= Yuri Bulgakov =

Russian governor and ambassador

Duke Yuri Mikhailovich Bulgakov-Golitsyn (Юрий Михайлович Булгаков-Голицын) was a governor of Pskov province and Russian ambassador to Hungary in the 16th century. Bulgakov came from a princely family which had roots in Ingria, eastern Finland, and Pskov region. He died in Pskov.

==Career==
He was governor (or viceroy) of two important provinces: Pskov and Novgorod. In 1550 he was ambassador to Hungary. According to documents contemporary with him, he was not known with the byname Golitsin but Bulgakov (from Kovalenko) and it was his sons who were the first generation to use byname Golitsin (according to Ikonnikov). To use the name Golitsin as his name is anachronistic.
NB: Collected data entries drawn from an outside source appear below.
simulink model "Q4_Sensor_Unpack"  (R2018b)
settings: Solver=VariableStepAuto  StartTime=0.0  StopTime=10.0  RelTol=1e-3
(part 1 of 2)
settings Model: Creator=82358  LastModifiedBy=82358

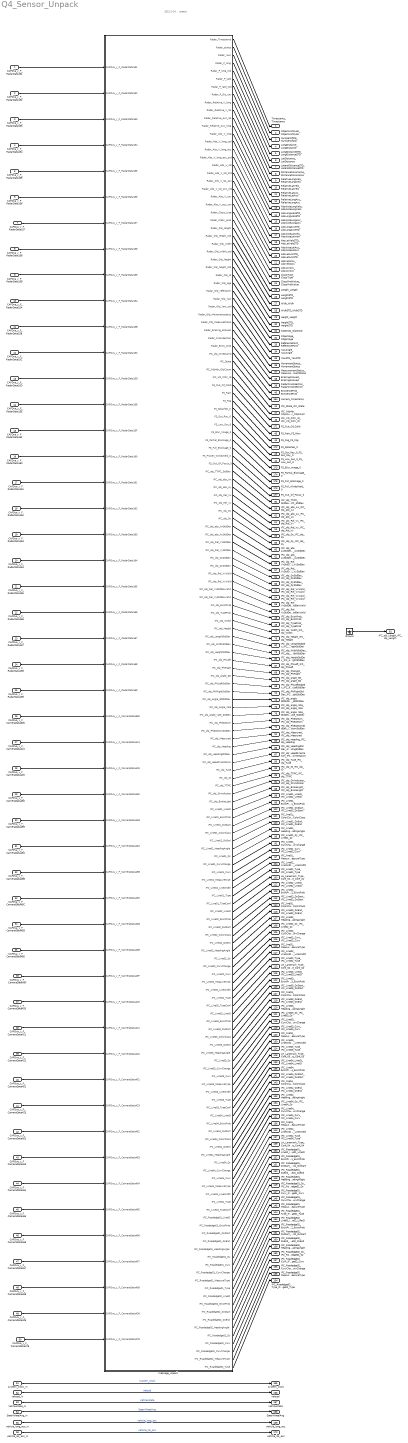
== system Q4_Sensor_Unpack ==
  note: 2021-2-24：unpack
  CAFDva_y_F_RadarData151 : Inport
  CAFDva_y_F_RadarData152 : Inport  Port=2
  CAFDva_y_F_RadarData153 : Inport  Port=3
  CAFDva_y_F_RadarData154 : Inport  Port=4
  CAFDva_y_F_RadarData155 : Inport  Port=5
  CAFDva_y_F_RadarData156 : Inport  Port=6
  CAFDva_y_F_RadarData157 : Inport  Port=7
  CAFDva_y_F_RadarData158 : Inport  Port=8
  CAFDva_y_F_RadarData159 : Inport  Port=9
  CAFDva_y_F_RadarData15A : Inport  Port=10
  CAFDva_y_F_RadarData15B : Inport  Port=11
  CAFDva_y_F_RadarData15C : Inport  Port=12
  CAFDva_y_F_RadarData15D : Inport  Port=13
  CAFDva_y_F_RadarData15E : Inport  Port=14
  CAFDva_y_F_RadarData15F : Inport  Port=15
  CAFDva_y_F_RadarData160 : Inport  Port=16
  CAFDva_y_F_RadarData161 : Inport  Port=17
  CAFDva_y_F_RadarData162 : Inport  Port=18
  CAFDva_y_F_RadarData163 : Inport  Port=19
  CAFDva_y_F_RadarData164 : Inport  Port=20
  CAFDva_y_F_RadarData165 : Inport  Port=21
  CAFDva_y_F_RadarData166 : Inport  Port=22
  CAFDva_y_F_RadarData167 : Inport  Port=23
  CAFDva_y_F_RadarData168 : Inport  Port=24
  CAFDva_y_F_RadarData169 : Inport  Port=25
  CAFDva_y_F_CameraData600 : Inport  Port=26
  CAFDva_y_F_CameraData424 : Inport  Port=27
  CAFDva_y_F_CameraData425 : Inport  Port=28
  CAFDva_y_F_CameraData450 : Inport  Port=29
  CAFDva_y_F_CameraData459 : Inport  Port=30
  CAFDva_y_F_CameraData45A : Inport  Port=31
  CAFDva_y_F_CameraData45B : Inport  Port=32
  CAFDva_y_F_CameraData45C : Inport  Port=33
  CAFDva_y_F_CameraData45D : Inport  Port=34
  CAFDva_y_F_CameraData45E : Inport  Port=35
  CAFDva_y_F_CameraData45F : Inport  Port=36
  CAFDva_y_F_CameraData420 : Inport  Port=37
  CAFDva_y_F_CameraData421 : Inport  Port=38
  CAFDva_y_F_CameraData422 : Inport  Port=39
  CAFDva_y_F_CameraData451 : Inport  Port=40
  CAFDva_y_F_CameraData423 : Inport  Port=41
  CAFDva_y_F_CameraData452 : Inport  Port=42
  CAFDva_y_F_CameraData453 : Inport  Port=43
  CAFDva_y_F_CameraData454 : Inport  Port=44
  CAFDva_y_F_CameraData455 : Inport  Port=45
  CAFDva_y_F_CameraData456 : Inport  Port=46
  CAFDva_y_F_CameraData457 : Inport  Port=47
  CAFDva_y_F_CameraData458 : Inport  Port=48
  CAFDva_y_F_CameraData426 : Inport  Port=49
  CAFDva_y_F_CameraData47E : Inport  Port=50
  system_clock_in : Inport  Port=51  OutDataTypeStr=uint16  PortDimensions=1
  vehspd_in : Inport  Port=52  OutDataTypeStr=T_M_Nm_Float32  PortDimensions=1
  VehYawRate_in : Inport  Port=53  OutDataTypeStr=T_M_Nm_Float32  PortDimensions=1
  SteerWheelAng_in : Inport  Port=54  OutDataTypeStr=T_M_Nm_Float32  PortDimensions=1
  vehicle_long_acc_in : Inport  Port=55  OutDataTypeStr=T_M_Nm_Float32  PortDimensions=1
  vehicle_lat_acc_in : Inport  Port=56  OutDataTypeStr=T_M_Nm_Float32  PortDimensions=1
  Ground : Ground
  message_unpack : MATLAB Function  TreatAsAtomicUnit=on
  Timestamp_Timestamp : Outport
  ObjectListQuali_ObjectListQuali : Outport  Port=2
  NumberOfObj_NumberOfObj : Outport  Port=3
  LongDistance_LongDistance : Outport  Port=4
  LongDistanceSTD_LongDistanceSTD : Outport  Port=5
  LatDistance_LatDistance : Outport  Port=6
  LateralDistanceSTD_LateralDistanceSTD : Outport  Port=7
  DistanceCovariance_DistanceCovariance : Outport  Port=8
  RelativeLongVelo_RelativeLongVelo : Outport  Port=9
  RelativeLatVelo_RelativeLatVelo : Outport  Port=10
  RelativeLatAcc_RelativeLatAcc : Outport  Port=11
  RelativeLongAcc_RelativeLongAcc : Outport  Port=12
  AbsoluteLongVelo_AbsoluteLongVelo : Outport  Port=13
  AbsLongVeloSTD_AbsLongVeloSTD : Outport  Port=14
  AbsoluteLongAcc_AbsoluteLongAcc : Outport  Port=15
  AbsLongAccSTD_AbsLongAccSTD : Outport  Port=16
  AbsoluteLatVelo_AbsoluteLatVelo : Outport  Port=17
  AbsLatVeloSTD_AbsLatVeloSTD : Outport  Port=18
  AbsoluteLatAcc_AbsoluteLatAcc : Outport  Port=19
  AbsLatAccSTD_AbsLatAccSTD : Outport  Port=20
  AbsVeloCov_AbsVeloCov : Outport  Port=21
  AbsAccCov_AbsAccCov : Outport  Port=22
  ClassType_ClassType : Outport  Port=23
  ClassProbValue_ClassProbValue : Outport  Port=24
  Length_Length : Outport  Port=25
  LengthSTD_LengthSTD : Outport  Port=26
  Widh_Widh : Outport  Port=27
  WidhSTD_WidhSTD : Outport  Port=28
  Height_Height : Outport  Port=29
  HeightSTD_HeightSTD : Outport  Port=30
  ObjectID_ObjectID : Outport  Port=31
  ObjectAge_ObjectAge : Outport  Port=32
  ReferencePoint_ReferencePoint : Outport  Port=33
  YawAngle_YawAngle : Outport  Port=34
  YawSTD_YawSTD : Outport  Port=35
  MovementStatus_MovementStatus : Outport  Port=36
  MeasurementStatus_MeasurementStatus : Outport  Port=37
  BrakingAllowed_BrakingAllowed : Outport  Port=38
  RadarCrossSection_RadarCrossSection : Outport  Port=39
  ExistenceProb_ExistenceProb : Outport  Port=40
  IFC_State_IFC_State : Outport  Port=41
  FS_Low_Sun_0_FS_Low_Sun_0 : Outport  Port=42
  FS_Sun_Ray_0_FS_Sun_Ray_0 : Outport  Port=43
  FS_Fog_FS_Fog : Outport  Port=44
  FS_Rain_FS_Rain : Outport  Port=45
  IFC_VD_CIPV_ID_IFC_VD_CIPV_ID : Outport  Port=46
  IFC_ObjHdr_ObjCount_IFC_ObjHdr_ObjCount : Outport  Port=47
  IFC_obj_ExistProb_IFC_obj_ExistProb : Outport  Port=48
  IFC_obj_TypeProb_IFC_obj_TypeProb : Outport  Port=49
  IFC_obj_Type_IFC_obj_Type : Outport  Port=50
  IFC_obj_Rel_Vx_IFC_obj_Rel_Vx : Outport  Port=51
  IFC_obj_Rel_VxValid_IFC_obj_Rel_VxValid : Outport  Port=52
  IFC_obj_Rel_Vy_IFC_obj_Rel_Vy : Outport  Port=53
  IFC_obj_Rel_VyValid_IFC_obj_Rel_VyValid : Outport  Port=54
  IFC_obj_Rel_VxStdDev_IFC_obj_Rel_VxStdDev : Outport  Port=55
  IFC_obj_Rel_VxStdDevValid_IFC_obj_Rel_VxStdDevValid : Outport  Port=56
  IFC_obj_Rel_VyStdDev_IFC_obj_Rel_VyStdDev : Outport  Port=57
  IFC_obj_Rel_VyStdDevValid_IFC_obj_Rel_VyStdDevValid : Outport  Port=58
  IFC_obj_abs_Ax_IFC_obj_abs_Ax : Outport  Port=59
  IFC_obj_abs_AxStdDev_IFC_obj_abs_AxStdDev : Outport  Port=60
  IFC_obj_abs_Ay_IFC_obj_abs_Ay : Outport  Port=61
  IFC_obj_abs_AyStdDev_IFC_obj_abs_AyStdDev : Outport  Port=62
  IFC_obj_Dx_IFC_obj_Dx : Outport  Port=63
  IFC_obj_DxStdDev_IFC_obj_DxStdDev : Outport  Port=64
  IFC_obj_Dy_IFC_obj_Dy : Outport  Port=65
  IFC_obj_DyStdDev_IFC_obj_DyStdDev : Outport  Port=66
  IFC_obj_PhiLeft_IFC_obj_PhiLeft : Outport  Port=67
  IFC_obj_PhiLeftStdDev_IFC_obj_PhiLeftStdDev : Outport  Port=68
  IFC_obj_PhiRight_IFC_obj_PhiRight : Outport  Port=69
  IFC_obj_PhiRightStdDev_IFC_obj_PhiRightStdDev : Outport  Port=70
  IFC_obj_PhiBottom_IFC_obj_PhiBottom : Outport  Port=71
  IFC_obj_PhiBottomStdDev_IFC_obj_PhiBottomStdDev : Outport  Port=72
  IFC_obj_angle_3D_IFC_obj_angle_3D : Outport  Port=73
  IFC_obj_angle_3DStdDev_IFC_obj_angle_3DStdDev : Outport  Port=74
  IFC_obj_angle_rate_IFC_obj_angle_rate : Outport  Port=75
  IFC_obj_angle_rate_StdDev_IFC_obj_angle_rate_StdDev : Outport  Port=76
  IFC_obj_Width_IFC_obj_Width : Outport  Port=77
  IFC_obj_WidthStdDev_IFC_obj_WidthStdDev : Outport  Port=78
  IFC_obj_Height_IFC_obj_Height : Outport  Port=79
  IFC_obj_HeightStdDev_IFC_obj_HeightStdDev : Outport  Port=80
  IFC_obj_Length_IFC_obj_Length : Outport  Port=81  OutDataTypeStr=single  PortDimensions=20  SampleTime=0.06
  IFC_obj_LengthStdDev_IFC_obj_LengthStdDev : Outport  Port=82
  IFC_obj_ID_IFC_obj_ID : Outport  Port=83
  IFC_obj_DirIndicator_IFC_obj_DirIndicator : Outport  Port=84
  IFC_obj_Heading_IFC_obj_Heading : Outport  Port=85
  IFC_obj_HeadingStdDev_IFC_obj_HeadingStdDev : Outport  Port=86
  IFC_obj_HeadOrientation_IFC_obj_HeadOrientation : Outport  Port=87
  IFC_obj_BrakeLight_IFC_obj_BrakeLight : Outport  Port=88
  IFC_obj_TTIPC_IFC_obj_TTIPC : Outport  Port=89
  IFC_obj_TTIPC_StdDev_IFC_obj_TTIPC_StdDev : Outport  Port=90
  IFC_obj_Measured_IFC_obj_Measured : Outport  Port=91
  IFC_Line01_CurvChange_IFC_Line01_CurvChange : Outport  Port=92
  IFC_Line01_Curv_IFC_Line01_Curv : Outport  Port=93
  IFC_Line01_HeadingAngle_IFC_Line01_HeadingAngle : Outport  Port=94
  IFC_Line01_Dy_IFC_Line01_Dy : Outport  Port=95
  IFC_Line01_ExistProb_IFC_Line01_ExistProb : Outport  Port=96
  IFC_line01_MeasureType_IFC_line01_MeasureType : Outport  Port=97
  IFC_Line01_Type_IFC_Line01_Type : Outport  Port=98
  IFC_Line01_LineID_IFC_Line01_LineID : Outport  Port=99
  LH_Lanemark_Type_Conf_01_LH_Lanemark_Type_Conf_01 : Outport  Port=100
  IFC_line01_ColorClass_IFC_line01_ColorClass : Outport  Port=101
  IFC_Line01_DxStart_IFC_Line01_DxStart : Outport  Port=102
  IFC_Line01_DxEnd_IFC_Line01_DxEnd : Outport  Port=103
  IFC_Line01_LineWidth_IFC_Line01_LineWidth : Outport  Port=104
  IFC_Line02_CurvChange_IFC_Line02_CurvChange : Outport  Port=105
  IFC_Line02_Curv_IFC_Line02_Curv : Outport  Port=106
  IFC_Line02_HeadingAngle_IFC_Line02_HeadingAngle : Outport  Port=107
  IFC_Line02_Dy_IFC_Line02_Dy : Outport  Port=108
  IFC_Line02_ExistProb_IFC_Line02_ExistProb : Outport  Port=109
  IFC_line02_MeasureType_IFC_line02_MeasureType : Outport  Port=110
  IFC_Line02_Type_IFC_Line02_Type : Outport  Port=111
  IFC_Line02_LineID_IFC_Line02_LineID : Outport  Port=112
  LH_Lanemark_Type_Conf_02_LH_Lanemark_Type_Conf_02 : Outport  Port=113
  IFC_line02_ColorClass_IFC_line02_ColorClass : Outport  Port=114
  IFC_Line02_DxStart_IFC_Line02_DxStart : Outport  Port=115
  IFC_Line02_DxEnd_IFC_Line02_DxEnd : Outport  Port=116
  IFC_Line02_LineWidth_IFC_Line02_LineWidth : Outport  Port=117
  IFC_Line03_CurvChange_IFC_Line03_CurvChange : Outport  Port=118
  IFC_Line03_Curv_IFC_Line03_Curv : Outport  Port=119
  IFC_Line03_HeadingAngle_IFC_Line03_HeadingAngle : Outport  Port=120
  IFC_Line03_Dy_IFC_Line03_Dy : Outport  Port=121
  IFC_Line03_ExistProb_IFC_Line03_ExistProb : Outport  Port=122
  IFC_line03_MeasureType_IFC_line03_MeasureType : Outport  Port=123
  IFC_Line03_Type_IFC_Line03_Type : Outport  Port=124
  IFC_Line03_LineID_IFC_Line03_LineID : Outport  Port=125
  LH_Lanemark_Type_Conf_03_LH_Lanemark_Type_Conf_03 : Outport  Port=126
  IFC_line03_ColorClass_IFC_line03_ColorClass : Outport  Port=127
  IFC_Line03_DxStart_IFC_Line03_DxStart : Outport  Port=128
  IFC_Line03_DxEnd_IFC_Line03_DxEnd : Outport  Port=129
  IFC_Line03_LineWidth_IFC_Line03_LineWidth : Outport  Port=130
  IFC_Line04_CurvChange_IFC_Line04_CurvChange : Outport  Port=131
  IFC_Line04_Curv_IFC_Line04_Curv : Outport  Port=132
  IFC_Line04_HeadingAngle_IFC_Line04_HeadingAngle : Outport  Port=133
  IFC_Line04_Dy_IFC_Line04_Dy : Outport  Port=134
  IFC_Line04_ExistProb_IFC_Line04_ExistProb : Outport  Port=135
  IFC_line04_MeasureType_IFC_line04_MeasureType : Outport  Port=136
  IFC_Line04_Type_IFC_Line04_Type : Outport  Port=137
  IFC_Line04_LineID_IFC_Line04_LineID : Outport  Port=138
  LH_Lanemark_Type_Conf_04_LH_Lanemark_Type_Conf_04 : Outport  Port=139
  IFC_line04_ColorClass_IFC_line04_ColorClass : Outport  Port=140
  IFC_Line04_DxStart_IFC_Line04_DxStart : Outport  Port=141
  IFC_Line04_DxEnd_IFC_Line04_DxEnd : Outport  Port=142
  IFC_Line04_LineWidth_IFC_Line04_LineWidth : Outport  Port=143
  IFC_Roadedge01_Type_IFC_Roadedge01_Type : Outport  Port=144
  IFC_Roadedge01_MeasureType_IFC_Roadedge01_MeasureType : Outport  Port=145
  IFC_Roadedge01_CurvChange_IFC_Roadedge01_CurvChange : Outport  Port=146
  IFC_Roadedge01_Curv_IFC_Roadedge01_Curv : Outport  Port=147
  IFC_Roadedge01_HeadingAngle_IFC_Roadedge01_HeadingAngle : Outport  Port=148
  IFC_Roadedge01_Dy_IFC_Roadedge01_Dy : Outport  Port=149
  IFC_Roadedge01_DxEnd_IFC_Roadedge01_DxEnd : Outport  Port=150
  IFC_Roadedge01_DxStart_IFC_Roadedge01_DxStart : Outport  Port=151
  IFC_Roadedge01_ExistProb_IFC_Roadedge01_ExistProb : Outport  Port=152
  IFC_Roadedge01_LineID_IFC_Roadedge01_LineID : Outport  Port=153
  IFC_Roadedge02_Type_IFC_Roadedge02_Type : Outport  Port=154
  IFC_Roadedge02_MeasureType_IFC_Roadedge02_MeasureType : Outport  Port=155
  IFC_Roadedge02_CurvChange_IFC_Roadedge02_CurvChange : Outport  Port=156
  IFC_Roadedge02_Curv_IFC_Roadedge02_Curv : Outport  Port=157
  IFC_Roadedge02_HeadingAngle_IFC_Roadedge02_HeadingAngle : Outport  Port=158
  IFC_Roadedge02_Dy_IFC_Roadedge02_Dy : Outport  Port=159
  IFC_Roadedge02_DxEnd_IFC_Roadedge02_DxEnd : Outport  Port=160
  IFC_Roadedge02_DxStart_IFC_Roadedge02_DxStart : Outport  Port=161
  IFC_Roadedge02_ExistProb_IFC_Roadedge02_ExistProb : Outport  Port=162
  IFC_Roadedge02_LineID_IFC_Roadedge02_LineID : Outport  Port=163
  camera_timestamp : Outport  Port=164
  system_clock : Outport  Port=165
  vehspd : Outport  Port=166
  VehYawRate : Outport  Port=167
  SteerWheelAng : Outport  Port=168
  vehicle_long_acc : Outport  Port=169
  vehicle_lat_acc : Outport  Port=170
  FS_Out_Of_Calib : Outport  Port=171
  FS_Splashes_0 : Outport  Port=172
  FS_Blur_Image_0 : Outport  Port=173
  FS_Partial_Blockage_0 : Outport  Port=174
  FS_Full_Blockage_0 : Outport  Port=175
  FS_Full_Windshield_0 : Outport  Port=176
  FS_Out_Of_Focus_0 : Outport  Port=177
  wires:
  CAFDva_y_F_RadarData161/1 -> message_unpack/17(CAFDva_y_F_RadarData161)
  message_unpack/162(IFC_Roadedge02_ExistProb) -> IFC_Roadedge02_ExistProb_IFC_Roadedge02_ExistProb/1
  message_unpack/1(Radar_Timestamp) -> Timestamp_Timestamp/1
  message_unpack/168(IFC_Roadedge02_CurvChange) -> IFC_Roadedge02_CurvChange_IFC_Roadedge02_CurvChange/1
  CAFDva_y_F_CameraData45A/1 -> message_unpack/31(CAFDva_y_F_CameraData45A)
  message_unpack/30(Radar_Obj_height_std) -> HeightSTD_HeightSTD/1
  message_unpack/79(IFC_obj_HeightStdDev) -> IFC_obj_HeightStdDev_IFC_obj_HeightStdDev/1
  CAFDva_y_F_RadarData15B/1 -> message_unpack/11(CAFDva_y_F_RadarData15B)
  message_unpack/78(IFC_obj_WidthStdDev) -> IFC_obj_WidthStdDev_IFC_obj_WidthStdDev/1
  message_unpack/61(IFC_obj_Dx) -> IFC_obj_Dx_IFC_obj_Dx/1
  CAFDva_y_F_RadarData169/1 -> message_unpack/25(CAFDva_y_F_RadarData169)
  message_unpack/70(IFC_obj_Rel_VyValid) -> IFC_obj_Rel_VyValid_IFC_obj_Rel_VyValid/1
  CAFDva_y_F_RadarData159/1 -> message_unpack/9(CAFDva_y_F_RadarData159)
  message_unpack/68(IFC_obj_DyStdDev) -> IFC_obj_DyStdDev_IFC_obj_DyStdDev/1
  message_unpack/62(IFC_obj_Dy) -> IFC_obj_Dy_IFC_obj_Dy/1
  message_unpack/166(IFC_Roadedge02_Dy) -> IFC_Roadedge02_Dy_IFC_Roadedge02_Dy/1
  message_unpack/54(FS_Frozen_Windshield_0) -> FS_Full_Windshield_0/1
  message_unpack/88(IFC_obj_PhiBottom) -> IFC_obj_PhiBottom_IFC_obj_PhiBottom/1
  message_unpack/50(FS_Low_Sun_0) -> FS_Low_Sun_0_FS_Low_Sun_0/1
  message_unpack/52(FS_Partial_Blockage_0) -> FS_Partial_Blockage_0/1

Ivan IV wanted to underline that he held a more exalted position as sovereign than the parvenu king Gustav of Sweden. So, he forced Gustav to have contact with his governor of the border province of Pskov, and not directly with the central government in Moscow. Swedish diplomats were not agreeable to that and objected. Ivan mentioned that governor Yuri Bulgakov was directly descended from kings of Lithuania; thus (although not himself a king) Bulgakov was a high enough negotiation counterpart with Gustav, who was himself not son of kings but an upstart to his throne (Kovalenko).